5-how much should I use?

sorry for all the questions, but im worried about using a powder when I know you're meant to keep the water quality as high as possible. any help will be gratefully received x :fish1:


----------



## ravensgate (May 24, 2012)

If it is a powder you want to use a tiny amount between the fingers (a teensy 'pinch') unless you are feeding LOTS of babies and even then I'd only feed a little bit bigger pinch. Powdered foods and supplements will raise TDS, can raise nitrates and most importantly will settle into the substrate creating a great source of food for fauna (bugs and annoyances) that you possibly don't want. I feed powdered foods once or twice a week but a very small amount. If you have sponge pre filters they will get clogged a bit faster too. But yes, any baby foods pretty much all ages of shrimp will eat it. 

Another option is to put a little on a plate and get your fingers wet/damp (make sure your hands are CLEAN and dampened with RO or dechlorinated water). Then roll the powder around on the plate until it forms little tiny balls (no bigger than O <the letter O I just typed>) and then you can spot feed it by putting it in the tank and it will pretty much sink wherever you aim it. This is good if you have a feeding dish or an IAL leaf or other leaf litter for it to land on to avoid getting in the substrate. It will break down easily when the shrimp go to it, it's just meant to keep it more localized in the tank instead of spread all over.


----------



## 52149 (Feb 26, 2012)

Aloha, 

I am trying a new method of shrimplets survival. But I have been breeding shrimp for a long time now.
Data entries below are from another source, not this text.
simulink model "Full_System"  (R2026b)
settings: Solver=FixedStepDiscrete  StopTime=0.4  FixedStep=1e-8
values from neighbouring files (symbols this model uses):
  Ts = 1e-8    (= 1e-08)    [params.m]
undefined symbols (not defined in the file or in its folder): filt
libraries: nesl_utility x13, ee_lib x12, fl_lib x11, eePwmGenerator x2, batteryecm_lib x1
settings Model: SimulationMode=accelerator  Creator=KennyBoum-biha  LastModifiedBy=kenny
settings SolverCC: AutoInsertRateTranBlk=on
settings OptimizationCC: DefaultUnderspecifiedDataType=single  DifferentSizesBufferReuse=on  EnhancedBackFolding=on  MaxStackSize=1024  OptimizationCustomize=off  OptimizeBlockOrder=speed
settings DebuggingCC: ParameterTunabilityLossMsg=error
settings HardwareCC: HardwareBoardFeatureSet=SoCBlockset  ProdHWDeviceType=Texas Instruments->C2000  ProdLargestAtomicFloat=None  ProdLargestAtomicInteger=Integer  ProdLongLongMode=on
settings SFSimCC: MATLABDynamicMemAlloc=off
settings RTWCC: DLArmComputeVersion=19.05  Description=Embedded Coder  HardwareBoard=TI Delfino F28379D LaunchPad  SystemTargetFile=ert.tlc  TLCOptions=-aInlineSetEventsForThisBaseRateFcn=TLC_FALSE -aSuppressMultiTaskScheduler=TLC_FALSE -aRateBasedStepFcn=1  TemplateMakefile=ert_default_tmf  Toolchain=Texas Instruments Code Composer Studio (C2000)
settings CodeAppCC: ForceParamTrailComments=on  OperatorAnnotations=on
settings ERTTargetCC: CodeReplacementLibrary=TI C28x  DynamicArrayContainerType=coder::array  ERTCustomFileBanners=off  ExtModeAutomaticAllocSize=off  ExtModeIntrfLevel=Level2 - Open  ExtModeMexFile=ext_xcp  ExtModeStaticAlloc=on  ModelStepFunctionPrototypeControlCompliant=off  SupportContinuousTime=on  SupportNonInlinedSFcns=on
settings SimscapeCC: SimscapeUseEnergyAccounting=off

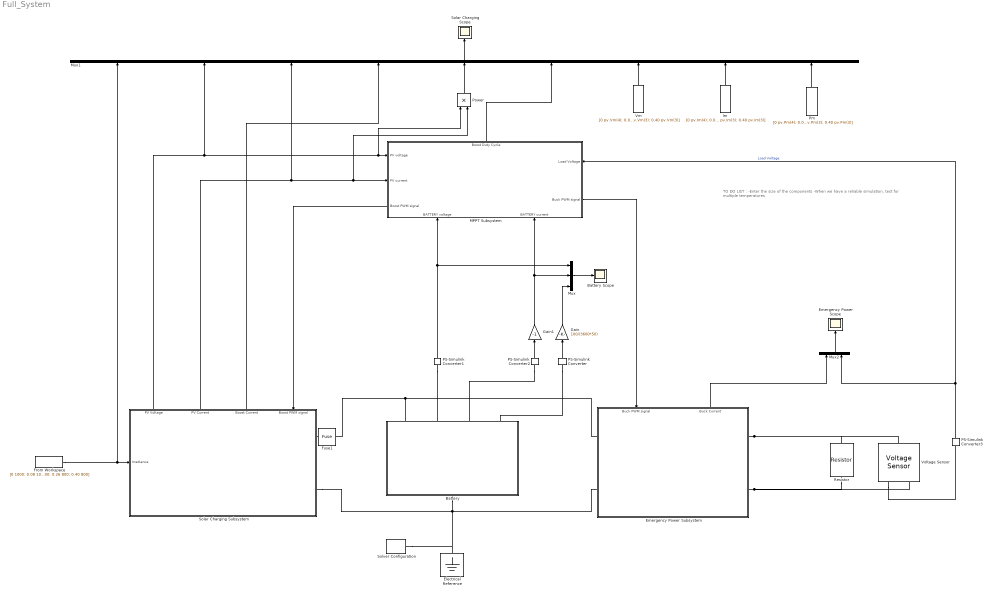
== system Full_System ==
  note: TO DO LIST :
      |
      | -Enter the size of the components
      | -When we have a reliable simulation, test for multiple temperatures
  Battery : Subsystem
      settings: PortSchema="{\"entries\":[{\"content\":{\"sides\":[{\"content\":{},\"type\":\"ConnectorPlacement.EquallySpacedRectSide\",\"uuid\":\"89519b6f-1ccf-4bbb-95e3-dc5788990cfc\"},{\"content\":{\"side\":\"RIGHT\"},\"type\":\"ConnectorPlacement.EquallySpacedRectSide\",\"uuid\":\"d70a0ac1-9e7f-4c7c-9005-64bd181e98b4\"},{\"content\":{\"connectorIds\":[\"LConn1\",\"LConn2\",\"LConn3\",\"LConn4\"],\"side\":\"TOP\"},\"type\":\"ConnectorPlacement.EquallySpacedRectSide\",\"uuid\":\"8f5b6fbc-ab25-4190-a3b5-0819bf7473bb\"},{\"content\":{\"connectorIds\":[\"RConn1\"],\"side\":\"BOTTOM\"},\"type\":\"ConnectorPlacement.EquallySpacedRectSide\",\"uuid\":\"80845846-eb77-420c-a194-e8ea97e2cc30\"}]},\"type\":\"ConnectorPlacement.EquallySpacedConnector\",\"uuid\":\"2b23194f-e17a-4aa0-a4f9-99eaf33779de\"}],\"packageUris\":[\"http://schema.mathworks.com/mf0/Connector/R2020b\"],\"version\":\"1.0\"}"
  Battery Scope : Scope
      settings: ActiveDisplayYMinimum=-6.4437781308415341  ActiveDisplayYMaximum=56.272106347516569  DataLoggingDecimation=50  DataLoggingVariableName=ScopeData2
  Electrical Reference : fl_lib/Electrical/Electrical Elements/Electrical Reference
  Emergency Power Scope : Scope
      settings: ActiveDisplayYMinimum=-0.63228695856137551  ActiveDisplayYMaximum=5.690582635720757  DataLoggingDecimation=50  DataLoggingVariableName=ScopeData2
  Emergency Power Subsystem : Subsystem
      settings: PortSchema="{\"entries\":[{\"content\":{\"sides\":[{\"content\":{\"connectorIds\":[\"LConn1\",\"LConn2\"]},\"type\":\"ConnectorPlacement.EquallySpacedRectSide\",\"uuid\":\"cf3750f3-3e81-4659-820f-f75c62c5389c\"},{\"content\":{\"connectorIds\":[\"RConn1\",\"RConn2\"],\"side\":\"RIGHT\"},\"type\":\"ConnectorPlacement.EquallySpacedRectSide\",\"uuid\":\"3e630a51-3c98-4ea6-b09a-757b6c47ec4c\"},{\"content\":{\"connectorIds\":[\"In1\",\"Out1\"],\"side\":\"TOP\"},\"type\":\"ConnectorPlacement.EquallySpacedRectSide\",\"uuid\":\"d6b0d433-2319-4baf-b8a3-4fb876102fd6\"},{\"content\":{\"side\":\"BOTTOM\"},\"type\":\"ConnectorPlacement.EquallySpacedRectSide\",\"uuid\":\"63ecf188-e0c8-40d8-ac0e-f3629d4410b9\"}]},\"type\":\"ConnectorPlacement.EquallySpacedConnector\",\"uuid\":\"13c5517f-e21d-46a3-ac40-d14bb8a08b57\"}],\"packageUris\":[\"http://schema.mathworks.com/mf0/Connector/R2020b\"],\"version\":\"1.0\"}"
  From Workspace : FromWorkspace  VariableName=[0 1000; 0.08 1000; 0.10 600; 0.16 600; 0.18 400; 0.24 400; 0.26 800; 0.40 800]
  Fuse1 : ee_lib/Switches & Breakers/Fuse  prm=1  I_rated=15 A  melt_margin=1  T_fuse=0 s  I2t=500 A^2*s  I_vec=[1.9, 2, 2.5, 30] A  t_vec=[10000, 1, .3, .001] s  R_closed=0.01 Ohm  G_open=1e-8 1/Ohm  exposemeasurement=ee.enum.exposemeasurement.hidden
  Gain : Gain  Gain=100/(3600*50)
  Gain1 : Gain  Gain=-1
  Im : FromWorkspace  VariableName=[0 pv.Im(4); 0.08 pv.Im(4); 0.10 pv.Im(2); 0.16 pv.Im(2); 0.18 pv.Im(1); 0.24 pv.Im(1); 0.26 pv.Im(3); 0.40 pv.Im(3)]
  MPPT Subsystem : Subsystem
      settings: PortSchema="{\"entries\":[{\"content\":{\"sides\":[{\"content\":{\"connectorIds\":[\"In1\",\"In2\",\"Out3\"]},\"type\":\"ConnectorPlacement.EquallySpacedRectSide\",\"uuid\":\"9861c5ac-f581-4965-b434-078b26985e37\"},{\"content\":{\"connectorIds\":[\"In5\",\"Out1\"],\"side\":\"RIGHT\"},\"type\":\"ConnectorPlacement.EquallySpacedRectSide\",\"uuid\":\"a93de12d-5e32-486a-9221-538754dd8d9c\"},{\"content\":{\"connectorIds\":[\"Out2\"],\"side\":\"TOP\"},\"type\":\"ConnectorPlacement.EquallySpacedRectSide\",\"uuid\":\"228dca20-1858-4fa3-8d58-50b7eb576924\"},{\"content\":{\"connectorIds\":[\"In3\",\"In4\"],\"side\":\"BOTTOM\"},\"type\":\"ConnectorPlacement.EquallySpacedRectSide\",\"uuid\":\"87bfe4fb-7a74-4257-a234-8b691987d317\"}]},\"type\":\"ConnectorPlacement.EquallySpacedConnector\",\"uuid\":\"9c35c19e-5cf1-449e-9944-3961626a0eeb\"}],\"packageUris\":[\"http://schema.mathworks.com/mf0/Connector/R2020b\"],\"version\":\"1.0\"}"
  Mux : Mux  Inputs=3
  Mux1 : Mux  Inputs=9
  Mux2 : Mux  Inputs=2
  PS-Simulink Converter : nesl_utility/PS-Simulink Converter  PhysicalDomain=network_engine_domain  SubClassName=ps_output  LeftPortType=input  RightPortType=output  PseudoPeriodic=off  Frequencies=[]  VectorFormat=inherit  Unit=C  AffineConversion=off
  PS-Simulink Converter1 : nesl_utility/PS-Simulink Converter  PhysicalDomain=network_engine_domain  SubClassName=ps_output  LeftPortType=input  RightPortType=output  PseudoPeriodic=off  Frequencies=[]  VectorFormat=inherit  Unit=V  AffineConversion=off
  PS-Simulink Converter2 : nesl_utility/PS-Simulink Converter  PhysicalDomain=network_engine_domain  SubClassName=ps_output  LeftPortType=input  RightPortType=output  PseudoPeriodic=off  Frequencies=[]  VectorFormat=inherit  Unit=A  AffineConversion=off
  PS-Simulink Converter3 : nesl_utility/PS-Simulink Converter  PhysicalDomain=network_engine_domain  SubClassName=ps_output  LeftPortType=input  RightPortType=output  PseudoPeriodic=off  Frequencies=[]  VectorFormat=inherit  Unit=V  AffineConversion=off
  Pm : FromWorkspace  VariableName=[0 pv.Pm(4); 0.08 pv.Pm(4); 0.10 pv.Pm(2); 0.16 pv.Pm(2); 0.18 pv.Pm(1); 0.24 pv.Pm(1); 0.26 pv.Pm(3); 0.40 pv.Pm(3)]
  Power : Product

What I know works is adding a sponge filter and couple balls of java moss near the area where the berried shrimp hatched her eggs helps aid with shrimplets food source. I use chi ebi the shirakura baby shrimp food everyother day for the babies. On weekly water change I add beneficial bacteria to the water to help with godd water quality. Shrimplets eat the tiny microscopic zoo plankton that is produced in the sponge filter and on java mosses. Maybe adding a moss ball may help too. 

Success has been 80-90% of the babies in my experience 

Hope this helps


----------



## deedee71 (Jul 26, 2013)

thanks* ravensgate*, that is such a good idea making the powder into balls, then dropping into the tank. I must look for a tiny bowl to put in the tank. can you do the same method for putting powdered spirulina into the tank?

thanks *daboss808*, do you feed the baby shrimp powder? I will add some java moss, as there is no moss in the tank at all. can you put java moss in loose, like a handful unattached to anything? 

thanks everyone x

Hi all

Well, today I have found her eggs dropped in the corner of the tank 

I know ammonia, nitrite are zero, nitrate is ten or less
Kh is 10 and gh is 16. Shrimp not breeding, males zooming around tank tho, females grazing on substrate, leaves, seem relaxed, chillin, not overly hungry when food added, but did enjoy blanched nettles.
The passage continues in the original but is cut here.